We are also getting clearer about where it will run–through some of the poorest neighborhoods, uprooting them. A report by Ralph Vartabedian in Sunday’s LA Times May 29 exposes its impacts: “Bullet train would nick jobs, homes and parks on 14-mile route from L.A. to Burbank.”
What it leaves out is who would benefit from this train—mainly well-healed whites needing speedy business and leisure connections between SF and LA. Such dreamed of service will never happen.
If we can’t connect the dots between protests by minorities and the poor, their storming of tony Melrose, and the Bullet Train, we’re missing the big picture. We go to any length to get our “stuff,” funding a transportation clunker, while thousands sleep on our streets, loot to get a small piece of the action, and suffer at the hands of poorly trained police.

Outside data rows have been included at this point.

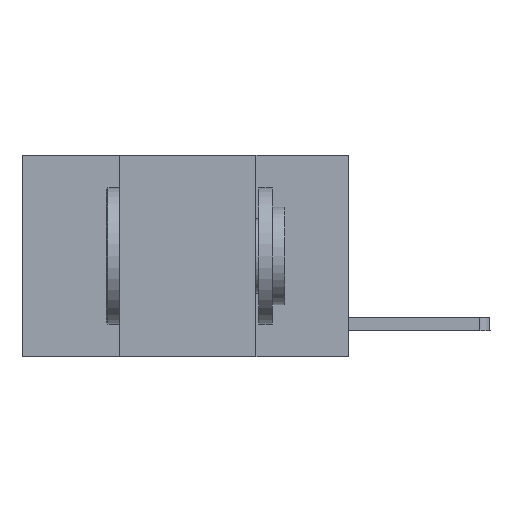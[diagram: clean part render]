
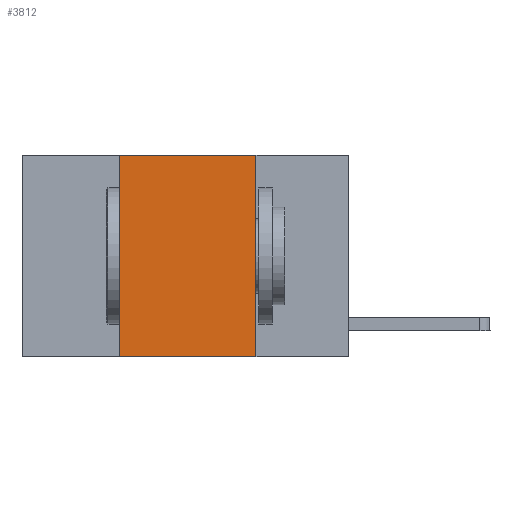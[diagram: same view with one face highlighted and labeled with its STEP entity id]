
A CAD part, left-side view. The second image highlights one B-rep face of the part: STEP entity #3812.
In plain terms, the highlighted planar face has unit normal (-1, 0, 0).
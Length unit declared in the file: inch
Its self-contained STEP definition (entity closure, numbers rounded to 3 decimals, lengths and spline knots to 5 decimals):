
#214 = CARTESIAN_POINT ( 'NONE',  ( 0., 0.42, 0. ) ) ;
#356 = VECTOR ( 'NONE', #6070, 39.37008 ) ;
#553 = VECTOR ( 'NONE', #5003, 39.37008 ) ;
#610 = EDGE_CURVE ( 'NONE', #2312, #3756, #8322, .T. ) ;
#972 = LINE ( 'NONE', #6185, #2796 ) ;
#1282 = DIRECTION ( 'NONE',  ( 0., 0., -1. ) ) ;
#1378 = CARTESIAN_POINT ( 'NONE',  ( 0., 0.17, 0. ) ) ;
#2312 = VERTEX_POINT ( 'NONE', #8276 ) ;
#2610 = EDGE_LOOP ( 'NONE', ( #10395, #8387, #6576, #5417 ) ) ;
#2796 = VECTOR ( 'NONE', #5246, 39.37008 ) ;
#2980 = CARTESIAN_POINT ( 'NONE',  ( 0., 0.6, 0. ) ) ;
#3142 = EDGE_CURVE ( 'NONE', #8372, #3862, #6939, .T. ) ;
#3157 = EDGE_CURVE ( 'NONE', #2312, #3862, #10368, .T. ) ;
#3756 = VERTEX_POINT ( 'NONE', #11022 ) ;
#3812 = ADVANCED_FACE ( 'NONE', ( #3880 ), #5022, .F. ) ;
#3862 = VERTEX_POINT ( 'NONE', #4900 ) ;
#3880 = FACE_OUTER_BOUND ( 'NONE', #2610, .T. ) ;
#4900 = CARTESIAN_POINT ( 'NONE',  ( 0., 0.17, -0.37 ) ) ;
#5003 = DIRECTION ( 'NONE',  ( 0., 0., -1. ) ) ;
#5022 = PLANE ( 'NONE',  #10406 ) ;
#5246 = DIRECTION ( 'NONE',  ( 0., -1., 0. ) ) ;
#5417 = ORIENTED_EDGE ( 'NONE', *, *, #3157, .T. ) ;
#6070 = DIRECTION ( 'NONE',  ( 0., -1., 0. ) ) ;
#6185 = CARTESIAN_POINT ( 'NONE',  ( 0., 0.6, 0. ) ) ;
#6372 = CARTESIAN_POINT ( 'NONE',  ( 0., 0.17, 0. ) ) ;
#6576 = ORIENTED_EDGE ( 'NONE', *, *, #610, .F. ) ;
#6939 = LINE ( 'NONE', #1378, #553 ) ;
#7430 = DIRECTION ( 'NONE',  ( 0., 0., 1. ) ) ;
#8276 = CARTESIAN_POINT ( 'NONE',  ( 0., 0.42, -0.37 ) ) ;
#8322 = LINE ( 'NONE', #214, #11244 ) ;
#8372 = VERTEX_POINT ( 'NONE', #6372 ) ;
#8387 = ORIENTED_EDGE ( 'NONE', *, *, #11119, .F. ) ;
#10368 = LINE ( 'NONE', #10547, #356 ) ;
#10395 = ORIENTED_EDGE ( 'NONE', *, *, #3142, .F. ) ;
#10406 = AXIS2_PLACEMENT_3D ( 'NONE', #2980, #11080, #1282 ) ;
#10547 = CARTESIAN_POINT ( 'NONE',  ( 0., 0.6, -0.37 ) ) ;
#11022 = CARTESIAN_POINT ( 'NONE',  ( 0., 0.42, 0. ) ) ;
#11080 = DIRECTION ( 'NONE',  ( 1., 0., 0. ) ) ;
#11119 = EDGE_CURVE ( 'NONE', #3756, #8372, #972, .T. ) ;
#11244 = VECTOR ( 'NONE', #7430, 39.37008 ) ;
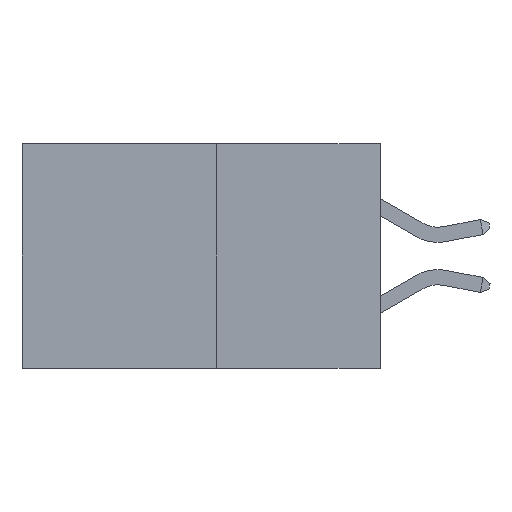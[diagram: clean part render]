
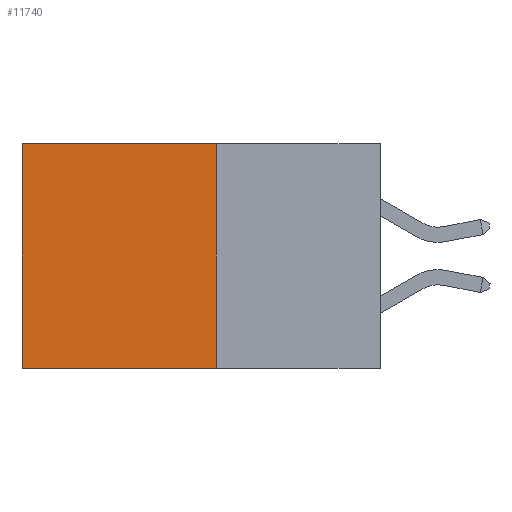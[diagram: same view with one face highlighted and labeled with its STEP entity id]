
A CAD part, left-side view. The second image highlights one B-rep face of the part: STEP entity #11740.
In plain terms, the highlighted planar face has unit normal (-1, 0, 0).
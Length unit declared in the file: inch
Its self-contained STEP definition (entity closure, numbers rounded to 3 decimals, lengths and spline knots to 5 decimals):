
#57 = ORIENTED_EDGE ( 'NONE', *, *, #1286, .T. ) ;
#405 = EDGE_CURVE ( 'NONE', #14818, #15056, #5245, .T. ) ;
#1286 = EDGE_CURVE ( 'NONE', #14892, #13510, #1369, .T. ) ;
#1369 = LINE ( 'NONE', #4947, #16638 ) ;
#1959 = CARTESIAN_POINT ( 'NONE',  ( 0.277, 0.27, -0.37 ) ) ;
#2475 = DIRECTION ( 'NONE',  ( 0., 1., 0. ) ) ;
#3438 = CARTESIAN_POINT ( 'NONE',  ( 0.277, 0.27, -0.37 ) ) ;
#3939 = VECTOR ( 'NONE', #5480, 39.37008 ) ;
#4278 = EDGE_LOOP ( 'NONE', ( #13615, #10691, #14496, #57 ) ) ;
#4396 = LINE ( 'NONE', #5599, #3939 ) ;
#4875 = DIRECTION ( 'NONE',  ( 1., 0., 0. ) ) ;
#4947 = CARTESIAN_POINT ( 'NONE',  ( 0.277, 0.27, 0. ) ) ;
#5245 = LINE ( 'NONE', #1959, #12003 ) ;
#5480 = DIRECTION ( 'NONE',  ( 0., 0., -1. ) ) ;
#5599 = CARTESIAN_POINT ( 'NONE',  ( 0.277, 0.27, -0.37 ) ) ;
#5659 = FACE_OUTER_BOUND ( 'NONE', #4278, .T. ) ;
#5803 = CARTESIAN_POINT ( 'NONE',  ( 0.277, 0.27, -0.37 ) ) ;
#7658 = DIRECTION ( 'NONE',  ( 0., 0., -1. ) ) ;
#7899 = EDGE_CURVE ( 'NONE', #14892, #14818, #4396, .T. ) ;
#8537 = AXIS2_PLACEMENT_3D ( 'NONE', #3438, #4875, #14933 ) ;
#10691 = ORIENTED_EDGE ( 'NONE', *, *, #405, .F. ) ;
#11371 = CARTESIAN_POINT ( 'NONE',  ( 0.277, 0.59, 0. ) ) ;
#11648 = CARTESIAN_POINT ( 'NONE',  ( 0.277, 0.27, 0. ) ) ;
#11740 = ADVANCED_FACE ( 'NONE', ( #5659 ), #13501, .F. ) ;
#12003 = VECTOR ( 'NONE', #2475, 39.37008 ) ;
#12819 = LINE ( 'NONE', #16249, #16585 ) ;
#13501 = PLANE ( 'NONE',  #8537 ) ;
#13510 = VERTEX_POINT ( 'NONE', #11371 ) ;
#13615 = ORIENTED_EDGE ( 'NONE', *, *, #18130, .T. ) ;
#14496 = ORIENTED_EDGE ( 'NONE', *, *, #7899, .F. ) ;
#14818 = VERTEX_POINT ( 'NONE', #5803 ) ;
#14892 = VERTEX_POINT ( 'NONE', #11648 ) ;
#14933 = DIRECTION ( 'NONE',  ( 0., 0., -1. ) ) ;
#15056 = VERTEX_POINT ( 'NONE', #17633 ) ;
#16074 = DIRECTION ( 'NONE',  ( 0., 1., 0. ) ) ;
#16249 = CARTESIAN_POINT ( 'NONE',  ( 0.277, 0.59, -0.37 ) ) ;
#16585 = VECTOR ( 'NONE', #7658, 39.37008 ) ;
#16638 = VECTOR ( 'NONE', #16074, 39.37008 ) ;
#17633 = CARTESIAN_POINT ( 'NONE',  ( 0.277, 0.59, -0.37 ) ) ;
#18130 = EDGE_CURVE ( 'NONE', #13510, #15056, #12819, .T. ) ;
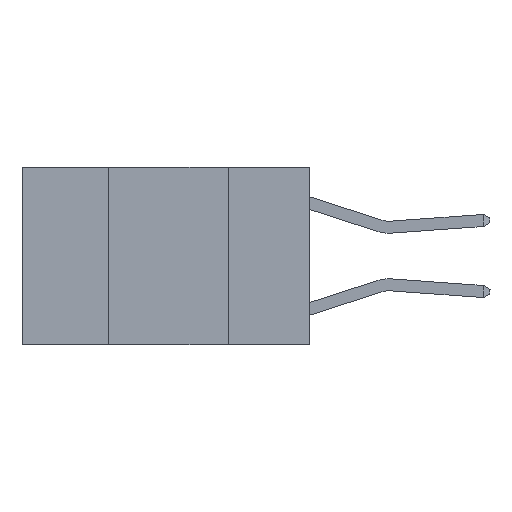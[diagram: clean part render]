
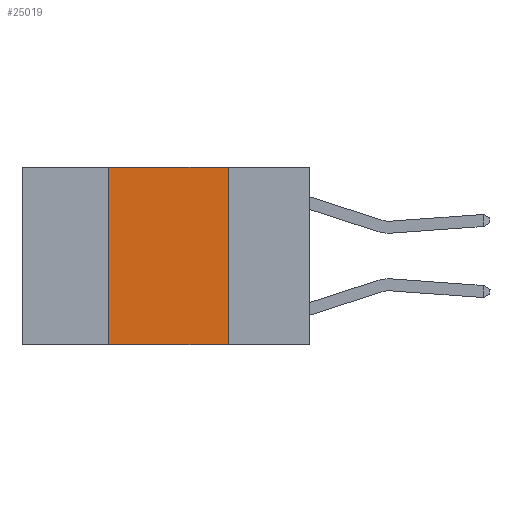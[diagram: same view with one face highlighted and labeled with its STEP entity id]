
A CAD part, left-side view. The second image highlights one B-rep face of the part: STEP entity #25019.
In plain terms, the highlighted planar face has unit normal (-1, 0, 0).
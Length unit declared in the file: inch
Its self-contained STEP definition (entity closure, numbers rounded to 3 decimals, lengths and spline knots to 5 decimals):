
#786 = LINE ( 'NONE', #8426, #13175 ) ;
#1499 = FACE_OUTER_BOUND ( 'NONE', #24327, .T. ) ;
#1611 = CARTESIAN_POINT ( 'NONE',  ( 0., 0.17, -0.37 ) ) ;
#3076 = CARTESIAN_POINT ( 'NONE',  ( 0., 0.17, 0. ) ) ;
#3967 = EDGE_CURVE ( 'NONE', #19256, #6467, #17844, .T. ) ;
#5750 = VECTOR ( 'NONE', #27381, 39.37008 ) ;
#6231 = VECTOR ( 'NONE', #10712, 39.37008 ) ;
#6240 = ORIENTED_EDGE ( 'NONE', *, *, #27906, .F. ) ;
#6467 = VERTEX_POINT ( 'NONE', #1611 ) ;
#8274 = DIRECTION ( 'NONE',  ( 1., 0., 0. ) ) ;
#8426 = CARTESIAN_POINT ( 'NONE',  ( 0., 0.6, -0.37 ) ) ;
#9152 = CARTESIAN_POINT ( 'NONE',  ( 0., 0.42, 0. ) ) ;
#10712 = DIRECTION ( 'NONE',  ( 0., 0., -1. ) ) ;
#10854 = AXIS2_PLACEMENT_3D ( 'NONE', #15187, #8274, #24425 ) ;
#11642 = VECTOR ( 'NONE', #16623, 39.37008 ) ;
#11963 = LINE ( 'NONE', #9152, #5750 ) ;
#12376 = LINE ( 'NONE', #14294, #11642 ) ;
#13175 = VECTOR ( 'NONE', #24560, 39.37008 ) ;
#14158 = EDGE_CURVE ( 'NONE', #25464, #6467, #786, .T. ) ;
#14294 = CARTESIAN_POINT ( 'NONE',  ( 0., 0.6, 0. ) ) ;
#14618 = CARTESIAN_POINT ( 'NONE',  ( 0., 0.42, 0. ) ) ;
#15187 = CARTESIAN_POINT ( 'NONE',  ( 0., 0.6, 0. ) ) ;
#16623 = DIRECTION ( 'NONE',  ( 0., -1., 0. ) ) ;
#16665 = CARTESIAN_POINT ( 'NONE',  ( 0., 0.42, -0.37 ) ) ;
#17844 = LINE ( 'NONE', #24510, #6231 ) ;
#18384 = ORIENTED_EDGE ( 'NONE', *, *, #20950, .F. ) ;
#19256 = VERTEX_POINT ( 'NONE', #3076 ) ;
#20602 = ORIENTED_EDGE ( 'NONE', *, *, #14158, .T. ) ;
#20950 = EDGE_CURVE ( 'NONE', #25464, #21171, #11963, .T. ) ;
#21171 = VERTEX_POINT ( 'NONE', #14618 ) ;
#24327 = EDGE_LOOP ( 'NONE', ( #25393, #6240, #18384, #20602 ) ) ;
#24425 = DIRECTION ( 'NONE',  ( 0., 0., -1. ) ) ;
#24510 = CARTESIAN_POINT ( 'NONE',  ( 0., 0.17, 0. ) ) ;
#24560 = DIRECTION ( 'NONE',  ( 0., -1., 0. ) ) ;
#25019 = ADVANCED_FACE ( 'NONE', ( #1499 ), #28794, .F. ) ;
#25393 = ORIENTED_EDGE ( 'NONE', *, *, #3967, .F. ) ;
#25464 = VERTEX_POINT ( 'NONE', #16665 ) ;
#27381 = DIRECTION ( 'NONE',  ( 0., 0., 1. ) ) ;
#27906 = EDGE_CURVE ( 'NONE', #21171, #19256, #12376, .T. ) ;
#28794 = PLANE ( 'NONE',  #10854 ) ;
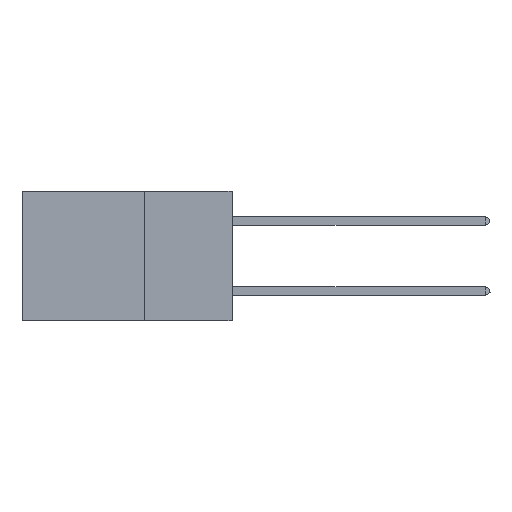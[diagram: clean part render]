
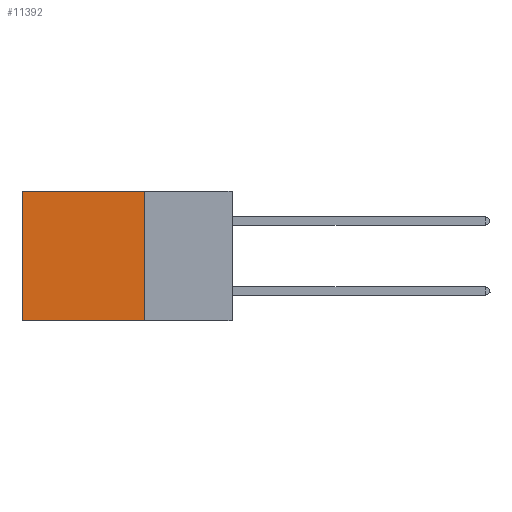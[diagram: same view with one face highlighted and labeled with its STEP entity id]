
A CAD part, left-side view. The second image highlights one B-rep face of the part: STEP entity #11392.
In plain terms, the highlighted planar face has unit normal (-1, 0, 0).
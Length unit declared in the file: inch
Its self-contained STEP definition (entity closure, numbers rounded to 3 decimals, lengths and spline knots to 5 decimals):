
#545 = CARTESIAN_POINT ( 'NONE',  ( 0.2875, 0.6, 0. ) ) ;
#556 = VERTEX_POINT ( 'NONE', #7631 ) ;
#778 = ORIENTED_EDGE ( 'NONE', *, *, #7028, .F. ) ;
#787 = EDGE_CURVE ( 'NONE', #556, #21670, #19484, .T. ) ;
#1865 = EDGE_CURVE ( 'NONE', #556, #8646, #19161, .T. ) ;
#1885 = VECTOR ( 'NONE', #12002, 39.37008 ) ;
#2304 = VERTEX_POINT ( 'NONE', #20187 ) ;
#3359 = AXIS2_PLACEMENT_3D ( 'NONE', #5498, #18232, #27047 ) ;
#5120 = EDGE_LOOP ( 'NONE', ( #17903, #778, #9570, #25273 ) ) ;
#5498 = CARTESIAN_POINT ( 'NONE',  ( 0.2875, 0.25, 0. ) ) ;
#7028 = EDGE_CURVE ( 'NONE', #8646, #2304, #26189, .T. ) ;
#7631 = CARTESIAN_POINT ( 'NONE',  ( 0.2875, 0.25, 0. ) ) ;
#7740 = VECTOR ( 'NONE', #9291, 39.37008 ) ;
#8248 = EDGE_CURVE ( 'NONE', #21670, #2304, #11084, .T. ) ;
#8646 = VERTEX_POINT ( 'NONE', #10606 ) ;
#9291 = DIRECTION ( 'NONE',  ( 0., 0., -1. ) ) ;
#9570 = ORIENTED_EDGE ( 'NONE', *, *, #1865, .F. ) ;
#10003 = CARTESIAN_POINT ( 'NONE',  ( 0.2875, 0.25, 0. ) ) ;
#10606 = CARTESIAN_POINT ( 'NONE',  ( 0.2875, 0.25, -0.37 ) ) ;
#11084 = LINE ( 'NONE', #18256, #1885 ) ;
#11392 = ADVANCED_FACE ( 'NONE', ( #13857 ), #24063, .F. ) ;
#12002 = DIRECTION ( 'NONE',  ( 0., 0., -1. ) ) ;
#13857 = FACE_OUTER_BOUND ( 'NONE', #5120, .T. ) ;
#13936 = VECTOR ( 'NONE', #15509, 39.37008 ) ;
#15509 = DIRECTION ( 'NONE',  ( 0., 1., 0. ) ) ;
#17903 = ORIENTED_EDGE ( 'NONE', *, *, #8248, .T. ) ;
#18232 = DIRECTION ( 'NONE',  ( 1., 0., 0. ) ) ;
#18256 = CARTESIAN_POINT ( 'NONE',  ( 0.2875, 0.6, 0. ) ) ;
#18484 = DIRECTION ( 'NONE',  ( 0., 1., 0. ) ) ;
#19161 = LINE ( 'NONE', #21252, #7740 ) ;
#19484 = LINE ( 'NONE', #10003, #13936 ) ;
#20187 = CARTESIAN_POINT ( 'NONE',  ( 0.2875, 0.6, -0.37 ) ) ;
#20311 = CARTESIAN_POINT ( 'NONE',  ( 0.2875, 0.25, -0.37 ) ) ;
#21252 = CARTESIAN_POINT ( 'NONE',  ( 0.2875, 0.25, 0. ) ) ;
#21670 = VERTEX_POINT ( 'NONE', #545 ) ;
#24063 = PLANE ( 'NONE',  #3359 ) ;
#25183 = VECTOR ( 'NONE', #18484, 39.37008 ) ;
#25273 = ORIENTED_EDGE ( 'NONE', *, *, #787, .T. ) ;
#26189 = LINE ( 'NONE', #20311, #25183 ) ;
#27047 = DIRECTION ( 'NONE',  ( 0., 0., -1. ) ) ;

(Update: 6/05/2020) The California Legislature just blocked the High Speed Rail Authority from awarding any contracts this year for building the train. Lawmakers want to pause the current plan with its focus on laying 171 miles of track in the Great Central Valley between Merced and Bakersfield and shift it to Southern California and the Bay Area, where there’s more transportation bang for the buck–more ridership and more communities to serve, getting more people out of cars resulting in greater environmental benefits. Legislators also want to consider a high-speed low-emission diesel train that could travel right into Oakland or San Jose. (LA Times report by Ralph Vartabedian)
This hold on the Bullet’s budget for a year should give more attention to population centers and urban people’s transportation needs. That’s a welcomed shift to serving a wider array of potential riders with a variety of economic means. We all need to get off this train to nowhere and ride a local to where we need it most.
(Update: 02 10 2021) We now learn that the highspeed bullet train has become so expensive that the segment between Bakersfield and Merced that might still be built will have only one track instead of two. (LA Times report by Ralph Vartabedian)
We note that land still needs to be purchased along the route and that tunneling under the San Gabriel Mountains will be a risky venture with earthquake faults near-by.
This transportation folly steals money from important rail and other infrastructure work that could be done in and around both LA and San Francisco. Also, physically commuting is becoming almost unnecessary with virtual work at home and Zoom meetings.
The train is not only way over budget, but also way over-due. This 70’s technology got lost in the Central Valley.